Taliban victory proves dental readiness a hoax

Flossing is not the key to victory.

By Whiskey Fueled Tirade

KABUL – The Taliban’s lightning-fast victory over Afghan National Security Forces following the U.S. withdrawal from Afghanistan has proven one thing, according to top Pentagon planners: the U.S. Military focus on dental readiness has been a complete waste of time and resources.

“A guy with about three teeth led an army of guys with about three teeth to defeat our well-equipped partner force whom we trained over the past 20 years— all in the course of about a week,” said Gen. Kenneth F. McKenzie, commander of U.S. Central Command. “So yeah, I think it’s safe to say dental readiness wasn’t the panacea we were promised.”

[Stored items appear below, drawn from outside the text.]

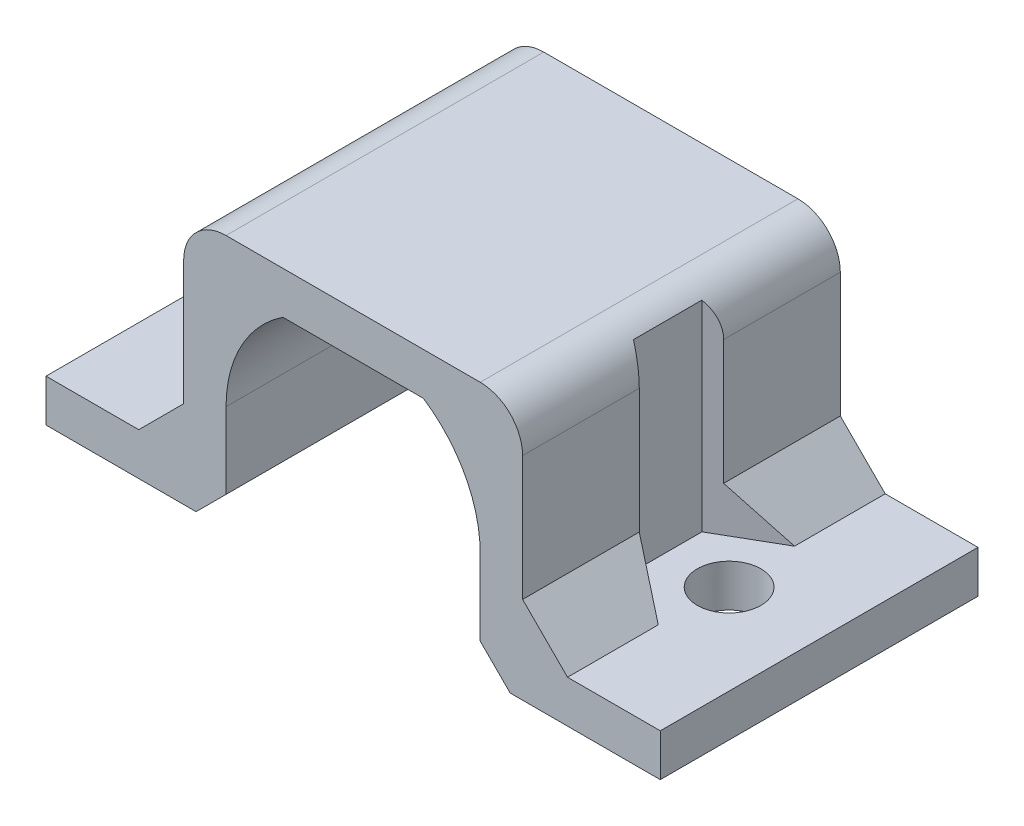
ISO-10303-21;
HEADER;
FILE_DESCRIPTION(('STEP AP214'),'2;1');
FILE_NAME('part.step','',(''),(''),'','','');
FILE_SCHEMA(('AUTOMOTIVE_DESIGN { 1 0 10303 214 1 1 1 1 }'));
ENDSEC;
DATA;
#1=APPLICATION_CONTEXT('core data for automotive mechanical design processes');
#2=APPLICATION_PROTOCOL_DEFINITION('international standard','automotive_design',2000,#1);
#3=PRODUCT_CONTEXT('',#1,'mechanical');
#4=PRODUCT('Part','Part','',(#3));
#5=PRODUCT_RELATED_PRODUCT_CATEGORY('part','',(#4));
#6=PRODUCT_DEFINITION_FORMATION('','',#4);
#7=PRODUCT_DEFINITION_CONTEXT('part definition',#1,'design');
#8=PRODUCT_DEFINITION('design','',#6,#7);
#9=PRODUCT_DEFINITION_SHAPE('','',#8);
#10=(LENGTH_UNIT() NAMED_UNIT(*) SI_UNIT(.MILLI.,.METRE.));
#11=(NAMED_UNIT(*) PLANE_ANGLE_UNIT() SI_UNIT($,.RADIAN.));
#12=(NAMED_UNIT(*) SI_UNIT($,.STERADIAN.) SOLID_ANGLE_UNIT());
#13=UNCERTAINTY_MEASURE_WITH_UNIT(LENGTH_MEASURE(1.E-05),#10,'distance_accuracy_value','');
#14=(GEOMETRIC_REPRESENTATION_CONTEXT(3) GLOBAL_UNCERTAINTY_ASSIGNED_CONTEXT((#13)) GLOBAL_UNIT_ASSIGNED_CONTEXT((#10,
#11,#12)) REPRESENTATION_CONTEXT('',''));
#15=CARTESIAN_POINT('',(0.,0.,0.));
#16=DIRECTION('',(0.,0.,1.));
#17=DIRECTION('',(1.,0.,0.));
#18=AXIS2_PLACEMENT_3D('',#15,#16,#17);
#19=CARTESIAN_POINT('',(7.99999999999999,4.12132034355965,7.5));
#20=DIRECTION('',(-0.707106781186549,-0.707106781186546,0.));
#21=DIRECTION('',(0.707106781186546,-0.707106781186549,0.));
#22=AXIS2_PLACEMENT_3D('',#19,#20,#21);
#23=PLANE('',#22);
#24=DIRECTION('',(0.,0.,-1.));
#25=VECTOR('',#24,1.);
#26=CARTESIAN_POINT('',(7.99999999999999,4.12132034355965,7.5));
#27=LINE('',#26,#25);
#28=CARTESIAN_POINT('',(7.99999999999999,4.12132034355965,-1.99185842870421));
#29=VERTEX_POINT('',#28);
#30=CARTESIAN_POINT('',(7.99999999999999,4.12132034355965,-7.5));
#31=VERTEX_POINT('',#30);
#32=EDGE_CURVE('E486',#29,#31,#27,.T.);
#33=ORIENTED_EDGE('',*,*,#32,.F.);
#34=DIRECTION('',(0.654653670707976,-0.654653670707979,-0.377964473009226));
#35=VECTOR('',#34,1.);
#36=CARTESIAN_POINT('',(5.65137413474764,6.46994620881202,-0.635878653175043));
#37=LINE('',#36,#35);
#38=CARTESIAN_POINT('',(10.1213203435596,2.00000000000005,-3.21660330009577));
#39=VERTEX_POINT('',#38);
#40=EDGE_CURVE('E277',#29,#39,#37,.T.);
#41=ORIENTED_EDGE('',*,*,#40,.T.);
#42=DIRECTION('',(0.,0.,-1.));
#43=VECTOR('',#42,1.);
#44=CARTESIAN_POINT('',(10.1213203435596,2.,7.5));
#45=LINE('',#44,#43);
#46=CARTESIAN_POINT('',(10.1213203435596,2.,-7.5));
#47=VERTEX_POINT('',#46);
#48=EDGE_CURVE('E491',#39,#47,#45,.T.);
#49=ORIENTED_EDGE('',*,*,#48,.T.);
#50=DIRECTION('',(-0.707106781186546,0.707106781186549,0.));
#51=VECTOR('',#50,1.);
#52=CARTESIAN_POINT('',(7.99999999999999,4.12132034355965,-7.5));
#53=LINE('',#52,#51);
#54=EDGE_CURVE('E381',#47,#31,#53,.T.);
#55=ORIENTED_EDGE('',*,*,#54,.T.);
#56=EDGE_LOOP('',(#33,#41,#49,#55));
#57=FACE_BOUND('',#56,.T.);
#58=ADVANCED_FACE('F39',(#57),#23,.F.);
#59=CARTESIAN_POINT('',(8.,12.,7.5));
#60=DIRECTION('',(-1.,0.,0.));
#61=DIRECTION('',(0.,-1.,0.));
#62=AXIS2_PLACEMENT_3D('',#59,#60,#61);
#63=PLANE('',#62);
#64=DIRECTION('',(0.,0.,-1.));
#65=VECTOR('',#64,1.);
#66=CARTESIAN_POINT('',(8.,10.,7.5));
#67=LINE('',#66,#65);
#68=CARTESIAN_POINT('',(8.,10.,-7.5));
#69=VERTEX_POINT('',#68);
#70=CARTESIAN_POINT('',(8.,10.,-1.99185842870421));
#71=VERTEX_POINT('',#70);
#72=EDGE_CURVE('E524',#69,#71,#67,.F.);
#73=ORIENTED_EDGE('',*,*,#72,.T.);
#74=DIRECTION('',(0.,-1.,0.));
#75=VECTOR('',#74,1.);
#76=CARTESIAN_POINT('',(8.,12.,-1.99185842870422));
#77=LINE('',#76,#75);
#78=EDGE_CURVE('E273',#71,#29,#77,.T.);
#79=ORIENTED_EDGE('',*,*,#78,.T.);
#80=ORIENTED_EDGE('',*,*,#32,.T.);
#81=DIRECTION('',(0.,1.,0.));
#82=VECTOR('',#81,1.);
#83=CARTESIAN_POINT('',(8.,12.,-7.5));
#84=LINE('',#83,#82);
#85=EDGE_CURVE('E385',#31,#69,#84,.T.);
#86=ORIENTED_EDGE('',*,*,#85,.T.);
#87=EDGE_LOOP('',(#73,#79,#80,#86));
#88=FACE_BOUND('',#87,.T.);
#89=ADVANCED_FACE('F614',(#88),#63,.F.);
#90=CARTESIAN_POINT('',(-8.,12.,7.5));
#91=DIRECTION('',(1.,0.,0.));
#92=DIRECTION('',(0.,1.,0.));
#93=AXIS2_PLACEMENT_3D('',#90,#91,#92);
#94=PLANE('',#93);
#95=DIRECTION('',(0.,0.,-1.));
#96=VECTOR('',#95,1.);
#97=CARTESIAN_POINT('',(-8.,10.,7.5));
#98=LINE('',#97,#96);
#99=CARTESIAN_POINT('',(-8.,10.,7.5));
#100=VERTEX_POINT('',#99);
#101=CARTESIAN_POINT('',(-8.,10.,1.99185842870421));
#102=VERTEX_POINT('',#101);
#103=EDGE_CURVE('E500',#100,#102,#98,.T.);
#104=ORIENTED_EDGE('',*,*,#103,.T.);
#105=DIRECTION('',(0.,-1.,0.));
#106=VECTOR('',#105,1.);
#107=CARTESIAN_POINT('',(-8.,12.,1.99185842870421));
#108=LINE('',#107,#106);
#109=CARTESIAN_POINT('',(-7.99999999999999,4.12132034355965,1.99185842870421));
#110=VERTEX_POINT('',#109);
#111=EDGE_CURVE('E306',#102,#110,#108,.T.);
#112=ORIENTED_EDGE('',*,*,#111,.T.);
#113=DIRECTION('',(0.,0.,-1.));
#114=VECTOR('',#113,1.);
#115=CARTESIAN_POINT('',(-7.99999999999999,4.12132034355965,7.5));
#116=LINE('',#115,#114);
#117=CARTESIAN_POINT('',(-7.99999999999999,4.12132034355965,7.5));
#118=VERTEX_POINT('',#117);
#119=EDGE_CURVE('E482',#118,#110,#116,.T.);
#120=ORIENTED_EDGE('',*,*,#119,.F.);
#121=DIRECTION('',(0.,-1.,0.));
#122=VECTOR('',#121,1.);
#123=CARTESIAN_POINT('',(-8.,12.,7.5));
#124=LINE('',#123,#122);
#125=EDGE_CURVE('E334',#100,#118,#124,.T.);
#126=ORIENTED_EDGE('',*,*,#125,.F.);
#127=EDGE_LOOP('',(#104,#112,#120,#126));
#128=FACE_BOUND('',#127,.T.);
#129=ADVANCED_FACE('F585',(#128),#94,.F.);
#130=CARTESIAN_POINT('',(-7.99999999999999,4.12132034355965,7.5));
#131=DIRECTION('',(0.707106781186549,-0.707106781186546,0.));
#132=DIRECTION('',(0.707106781186546,0.707106781186549,0.));
#133=AXIS2_PLACEMENT_3D('',#130,#131,#132);
#134=PLANE('',#133);
#135=ORIENTED_EDGE('',*,*,#119,.T.);
#136=DIRECTION('',(-0.654653670707976,-0.654653670707978,0.377964473009226));
#137=VECTOR('',#136,1.);
#138=CARTESIAN_POINT('',(-9.36291157953807,2.75840876402157,2.77873579603217));
#139=LINE('',#138,#137);
#140=CARTESIAN_POINT('',(-10.1213203435596,2.00000000000001,3.21660330009579));
#141=VERTEX_POINT('',#140);
#142=EDGE_CURVE('E310',#110,#141,#139,.T.);
#143=ORIENTED_EDGE('',*,*,#142,.T.);
#144=DIRECTION('',(0.,0.,-1.));
#145=VECTOR('',#144,1.);
#146=CARTESIAN_POINT('',(-10.1213203435596,2.,7.5));
#147=LINE('',#146,#145);
#148=CARTESIAN_POINT('',(-10.1213203435596,2.,7.5));
#149=VERTEX_POINT('',#148);
#150=EDGE_CURVE('E477',#149,#141,#147,.T.);
#151=ORIENTED_EDGE('',*,*,#150,.F.);
#152=DIRECTION('',(-0.707106781186546,-0.707106781186549,0.));
#153=VECTOR('',#152,1.);
#154=CARTESIAN_POINT('',(-7.99999999999999,4.12132034355965,7.5));
#155=LINE('',#154,#153);
#156=EDGE_CURVE('E337',#118,#149,#155,.T.);
#157=ORIENTED_EDGE('',*,*,#156,.F.);
#158=EDGE_LOOP('',(#135,#143,#151,#157));
#159=FACE_BOUND('',#158,.T.);
#160=ADVANCED_FACE('F578',(#159),#134,.F.);
#161=CARTESIAN_POINT('',(14.5,2.,7.5));
#162=DIRECTION('',(-1.,0.,0.));
#163=DIRECTION('',(0.,-1.,0.));
#164=AXIS2_PLACEMENT_3D('',#161,#162,#163);
#165=PLANE('',#164);
#166=DIRECTION('',(0.,1.,0.));
#167=VECTOR('',#166,1.);
#168=CARTESIAN_POINT('',(14.5,2.,-7.5));
#169=LINE('',#168,#167);
#170=CARTESIAN_POINT('',(14.5,0.,-7.5));
#171=VERTEX_POINT('',#170);
#172=CARTESIAN_POINT('',(14.5,2.,-7.5));
#173=VERTEX_POINT('',#172);
#174=EDGE_CURVE('E314',#171,#173,#169,.T.);
#175=ORIENTED_EDGE('',*,*,#174,.T.);
#176=DIRECTION('',(0.,0.,-1.));
#177=VECTOR('',#176,1.);
#178=CARTESIAN_POINT('',(14.5,2.,7.5));
#179=LINE('',#178,#177);
#180=CARTESIAN_POINT('',(14.5,2.,7.5));
#181=VERTEX_POINT('',#180);
#182=EDGE_CURVE('E495',#181,#173,#179,.T.);
#183=ORIENTED_EDGE('',*,*,#182,.F.);
#184=DIRECTION('',(0.,1.,0.));
#185=VECTOR('',#184,1.);
#186=CARTESIAN_POINT('',(14.5,2.,7.5));
#187=LINE('',#186,#185);
#188=CARTESIAN_POINT('',(14.5,0.,7.5));
#189=VERTEX_POINT('',#188);
#190=EDGE_CURVE('E315',#189,#181,#187,.T.);
#191=ORIENTED_EDGE('',*,*,#190,.F.);
#192=DIRECTION('',(0.,0.,-1.));
#193=VECTOR('',#192,1.);
#194=CARTESIAN_POINT('',(14.5,0.,7.5));
#195=LINE('',#194,#193);
#196=EDGE_CURVE('E373',#189,#171,#195,.T.);
#197=ORIENTED_EDGE('',*,*,#196,.T.);
#198=EDGE_LOOP('',(#175,#183,#191,#197));
#199=FACE_BOUND('',#198,.T.);
#200=ADVANCED_FACE('F622',(#199),#165,.F.);
#201=CARTESIAN_POINT('',(10.1213203435596,2.,7.5));
#202=DIRECTION('',(0.,-1.,0.));
#203=DIRECTION('',(1.,0.,0.));
#204=AXIS2_PLACEMENT_3D('',#201,#202,#203);
#205=PLANE('',#204);
#206=CARTESIAN_POINT('',(10.25,2.00000000000001,0.));
#207=DIRECTION('',(0.,-1.,0.));
#208=DIRECTION('',(1.,0.,0.));
#209=AXIS2_PLACEMENT_3D('',#206,#207,#208);
#210=CIRCLE('',#209,1.5);
#211=CARTESIAN_POINT('',(11.75,2.,0.));
#212=VERTEX_POINT('',#211);
#213=EDGE_CURVE('E939',#212,#212,#210,.T.);
#214=ORIENTED_EDGE('',*,*,#213,.T.);
#215=EDGE_LOOP('',(#214));
#216=FACE_BOUND('',#215,.T.);
#217=DIRECTION('',(0.866025403784439,0.,0.5));
#218=VECTOR('',#217,1.);
#219=CARTESIAN_POINT('',(10.15,2.00000000000005,3.23316150746189));
#220=LINE('',#219,#218);
#221=CARTESIAN_POINT('',(7.35,2.00000000000004,1.61658075373095));
#222=VERTEX_POINT('',#221);
#223=CARTESIAN_POINT('',(10.1213203435596,2.00000000000005,3.21660330009577));
#224=VERTEX_POINT('',#223);
#225=EDGE_CURVE('E234',#222,#224,#220,.T.);
#226=ORIENTED_EDGE('',*,*,#225,.T.);
#227=CARTESIAN_POINT('',(10.1213203435596,2.,7.5));
#228=VERTEX_POINT('',#227);
#229=EDGE_CURVE('E492',#228,#224,#45,.T.);
#230=ORIENTED_EDGE('',*,*,#229,.F.);
#231=DIRECTION('',(-1.,0.,0.));
#232=VECTOR('',#231,1.);
#233=CARTESIAN_POINT('',(10.1213203435596,2.,7.5));
#234=LINE('',#233,#232);
#235=EDGE_CURVE('E319',#181,#228,#234,.T.);
#236=ORIENTED_EDGE('',*,*,#235,.F.);
#237=ORIENTED_EDGE('',*,*,#182,.T.);
#238=DIRECTION('',(-1.,0.,0.));
#239=VECTOR('',#238,1.);
#240=CARTESIAN_POINT('',(10.1213203435596,2.,-7.5));
#241=LINE('',#240,#239);
#242=EDGE_CURVE('E377',#173,#47,#241,.T.);
#243=ORIENTED_EDGE('',*,*,#242,.T.);
#244=ORIENTED_EDGE('',*,*,#48,.F.);
#245=DIRECTION('',(-0.866025403784439,0.,0.5));
#246=VECTOR('',#245,1.);
#247=CARTESIAN_POINT('',(7.34999999999999,2.00000000000004,-1.61658075373095));
#248=LINE('',#247,#246);
#249=CARTESIAN_POINT('',(7.35,2.00000000000004,-1.61658075373096));
#250=VERTEX_POINT('',#249);
#251=EDGE_CURVE('E257',#39,#250,#248,.T.);
#252=ORIENTED_EDGE('',*,*,#251,.T.);
#253=DIRECTION('',(0.,0.,1.));
#254=VECTOR('',#253,1.);
#255=CARTESIAN_POINT('',(7.35,2.00000000000004,1.61658075373095));
#256=LINE('',#255,#254);
#257=EDGE_CURVE('E249',#250,#222,#256,.T.);
#258=ORIENTED_EDGE('',*,*,#257,.T.);
#259=EDGE_LOOP('',(#226,#230,#236,#237,#243,#244,#252,#258));
#260=FACE_BOUND('',#259,.T.);
#261=ADVANCED_FACE('F255',(#216,#260),#205,.F.);
#262=ORIENTED_EDGE('',*,*,#229,.T.);
#263=DIRECTION('',(-0.654653670707976,0.654653670707979,-0.377964473009226));
#264=VECTOR('',#263,1.);
#265=CARTESIAN_POINT('',(9.36291157953807,2.75840876402157,2.77873579603217));
#266=LINE('',#265,#264);
#267=CARTESIAN_POINT('',(7.99999999999999,4.12132034355965,1.99185842870421));
#268=VERTEX_POINT('',#267);
#269=EDGE_CURVE('E237',#224,#268,#266,.T.);
#270=ORIENTED_EDGE('',*,*,#269,.T.);
#271=CARTESIAN_POINT('',(7.99999999999999,4.12132034355965,7.5));
#272=VERTEX_POINT('',#271);
#273=EDGE_CURVE('E487',#272,#268,#27,.T.);
#274=ORIENTED_EDGE('',*,*,#273,.F.);
#275=DIRECTION('',(-0.707106781186546,0.707106781186549,0.));
#276=VECTOR('',#275,1.);
#277=CARTESIAN_POINT('',(7.99999999999999,4.12132034355965,7.5));
#278=LINE('',#277,#276);
#279=EDGE_CURVE('E323',#228,#272,#278,.T.);
#280=ORIENTED_EDGE('',*,*,#279,.F.);
#281=EDGE_LOOP('',(#262,#270,#274,#280));
#282=FACE_BOUND('',#281,.T.);
#283=ADVANCED_FACE('F670',(#282),#23,.F.);
#284=ORIENTED_EDGE('',*,*,#273,.T.);
#285=DIRECTION('',(0.,1.,0.));
#286=VECTOR('',#285,1.);
#287=CARTESIAN_POINT('',(8.,12.,1.99185842870421));
#288=LINE('',#287,#286);
#289=CARTESIAN_POINT('',(8.,10.,1.99185842870421));
#290=VERTEX_POINT('',#289);
#291=EDGE_CURVE('E243',#268,#290,#288,.T.);
#292=ORIENTED_EDGE('',*,*,#291,.T.);
#293=CARTESIAN_POINT('',(8.,10.,7.5));
#294=VERTEX_POINT('',#293);
#295=EDGE_CURVE('E523',#290,#294,#67,.F.);
#296=ORIENTED_EDGE('',*,*,#295,.T.);
#297=DIRECTION('',(0.,1.,0.));
#298=VECTOR('',#297,1.);
#299=CARTESIAN_POINT('',(8.,12.,7.5));
#300=LINE('',#299,#298);
#301=EDGE_CURVE('E326',#272,#294,#300,.T.);
#302=ORIENTED_EDGE('',*,*,#301,.F.);
#303=EDGE_LOOP('',(#284,#292,#296,#302));
#304=FACE_BOUND('',#303,.T.);
#305=ADVANCED_FACE('F675',(#304),#63,.F.);
#306=CARTESIAN_POINT('',(-8.,12.,7.5));
#307=DIRECTION('',(0.,-1.,0.));
#308=DIRECTION('',(0.,0.,-1.));
#309=AXIS2_PLACEMENT_3D('',#306,#307,#308);
#310=PLANE('',#309);
#311=DIRECTION('',(-1.,0.,0.));
#312=VECTOR('',#311,1.);
#313=CARTESIAN_POINT('',(-8.,12.,-7.5));
#314=LINE('',#313,#312);
#315=CARTESIAN_POINT('',(6.,12.,-7.5));
#316=VERTEX_POINT('',#315);
#317=CARTESIAN_POINT('',(-6.,12.,-7.5));
#318=VERTEX_POINT('',#317);
#319=EDGE_CURVE('E389',#316,#318,#314,.T.);
#320=ORIENTED_EDGE('',*,*,#319,.T.);
#321=DIRECTION('',(0.,0.,-1.));
#322=VECTOR('',#321,1.);
#323=CARTESIAN_POINT('',(-6.,12.,7.5));
#324=LINE('',#323,#322);
#325=CARTESIAN_POINT('',(-6.,12.,7.5));
#326=VERTEX_POINT('',#325);
#327=EDGE_CURVE('E514',#318,#326,#324,.F.);
#328=ORIENTED_EDGE('',*,*,#327,.T.);
#329=DIRECTION('',(-1.,0.,0.));
#330=VECTOR('',#329,1.);
#331=CARTESIAN_POINT('',(-8.,12.,7.5));
#332=LINE('',#331,#330);
#333=CARTESIAN_POINT('',(6.,12.,7.5));
#334=VERTEX_POINT('',#333);
#335=EDGE_CURVE('E330',#334,#326,#332,.T.);
#336=ORIENTED_EDGE('',*,*,#335,.F.);
#337=DIRECTION('',(0.,0.,-1.));
#338=VECTOR('',#337,1.);
#339=CARTESIAN_POINT('',(6.,12.,7.5));
#340=LINE('',#339,#338);
#341=EDGE_CURVE('E510',#334,#316,#340,.T.);
#342=ORIENTED_EDGE('',*,*,#341,.T.);
#343=EDGE_LOOP('',(#320,#328,#336,#342));
#344=FACE_BOUND('',#343,.T.);
#345=ADVANCED_FACE('F603',(#344),#310,.F.);
#346=CARTESIAN_POINT('',(-7.99999999999999,4.12132034355965,-1.99185842870421));
#347=VERTEX_POINT('',#346);
#348=CARTESIAN_POINT('',(-7.99999999999999,4.12132034355965,-7.5));
#349=VERTEX_POINT('',#348);
#350=EDGE_CURVE('E481',#347,#349,#116,.T.);
#351=ORIENTED_EDGE('',*,*,#350,.F.);
#352=DIRECTION('',(0.,1.,0.));
#353=VECTOR('',#352,1.);
#354=CARTESIAN_POINT('',(-8.,12.,-1.99185842870422));
#355=LINE('',#354,#353);
#356=CARTESIAN_POINT('',(-8.,10.,-1.99185842870421));
#357=VERTEX_POINT('',#356);
#358=EDGE_CURVE('E289',#347,#357,#355,.T.);
#359=ORIENTED_EDGE('',*,*,#358,.T.);
#360=CARTESIAN_POINT('',(-8.,10.,-7.5));
#361=VERTEX_POINT('',#360);
#362=EDGE_CURVE('E499',#357,#361,#98,.T.);
#363=ORIENTED_EDGE('',*,*,#362,.T.);
#364=DIRECTION('',(0.,-1.,0.));
#365=VECTOR('',#364,1.);
#366=CARTESIAN_POINT('',(-8.,12.,-7.5));
#367=LINE('',#366,#365);
#368=EDGE_CURVE('E393',#361,#349,#367,.T.);
#369=ORIENTED_EDGE('',*,*,#368,.T.);
#370=EDGE_LOOP('',(#351,#359,#363,#369));
#371=FACE_BOUND('',#370,.T.);
#372=ADVANCED_FACE('F600',(#371),#94,.F.);
#373=CARTESIAN_POINT('',(-10.1213203435596,2.,-3.2166033000958));
#374=VERTEX_POINT('',#373);
#375=CARTESIAN_POINT('',(-10.1213203435596,2.,-7.5));
#376=VERTEX_POINT('',#375);
#377=EDGE_CURVE('E476',#374,#376,#147,.T.);
#378=ORIENTED_EDGE('',*,*,#377,.F.);
#379=DIRECTION('',(0.654653670707976,0.654653670707978,0.377964473009227));
#380=VECTOR('',#379,1.);
#381=CARTESIAN_POINT('',(-5.65137413474763,6.46994620881202,-0.63587865317504));
#382=LINE('',#381,#380);
#383=EDGE_CURVE('E302',#374,#347,#382,.T.);
#384=ORIENTED_EDGE('',*,*,#383,.T.);
#385=ORIENTED_EDGE('',*,*,#350,.T.);
#386=DIRECTION('',(-0.707106781186546,-0.707106781186549,0.));
#387=VECTOR('',#386,1.);
#388=CARTESIAN_POINT('',(-7.99999999999999,4.12132034355965,-7.5));
#389=LINE('',#388,#387);
#390=EDGE_CURVE('E397',#349,#376,#389,.T.);
#391=ORIENTED_EDGE('',*,*,#390,.T.);
#392=EDGE_LOOP('',(#378,#384,#385,#391));
#393=FACE_BOUND('',#392,.T.);
#394=ADVANCED_FACE('F553',(#393),#134,.F.);
#395=CARTESIAN_POINT('',(-10.1213203435596,2.,7.5));
#396=DIRECTION('',(0.,-1.,0.));
#397=DIRECTION('',(1.,0.,0.));
#398=AXIS2_PLACEMENT_3D('',#395,#396,#397);
#399=PLANE('',#398);
#400=CARTESIAN_POINT('',(-10.25,2.00000000000001,0.));
#401=DIRECTION('',(0.,-1.,0.));
#402=DIRECTION('',(1.,0.,0.));
#403=AXIS2_PLACEMENT_3D('',#400,#401,#402);
#404=CIRCLE('',#403,1.5);
#405=CARTESIAN_POINT('',(-8.75,2.00000000000001,0.));
#406=VERTEX_POINT('',#405);
#407=EDGE_CURVE('E266',#406,#406,#404,.T.);
#408=ORIENTED_EDGE('',*,*,#407,.T.);
#409=EDGE_LOOP('',(#408));
#410=FACE_BOUND('',#409,.T.);
#411=ORIENTED_EDGE('',*,*,#150,.T.);
#412=DIRECTION('',(0.866025403784439,0.,-0.5));
#413=VECTOR('',#412,1.);
#414=CARTESIAN_POINT('',(-10.15,2.00000000000001,3.23316150746191));
#415=LINE('',#414,#413);
#416=CARTESIAN_POINT('',(-7.35,2.00000000000001,1.61658075373095));
#417=VERTEX_POINT('',#416);
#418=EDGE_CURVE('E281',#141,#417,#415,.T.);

McKenzie, the officer in charge of all military forces in the Middle East and parts of South Asia, was referring to the cult-like power dental readiness has held over the military for the past five decades. Since the early 1970s, failure to report for annual dental exams resulted in servicemembers receiving adverse action such as extra duty, non-judicial punishment, and in rare cases, death by root canal. 

“Those dental soldiers don’t play around,” Sgt. Maj. of the Army Michael Grinston told reporters. “I had a yuck mouth soldier no-show his annual dental exam three times when I was a squad leader. When he finally made it to an appointment, we never saw him again.”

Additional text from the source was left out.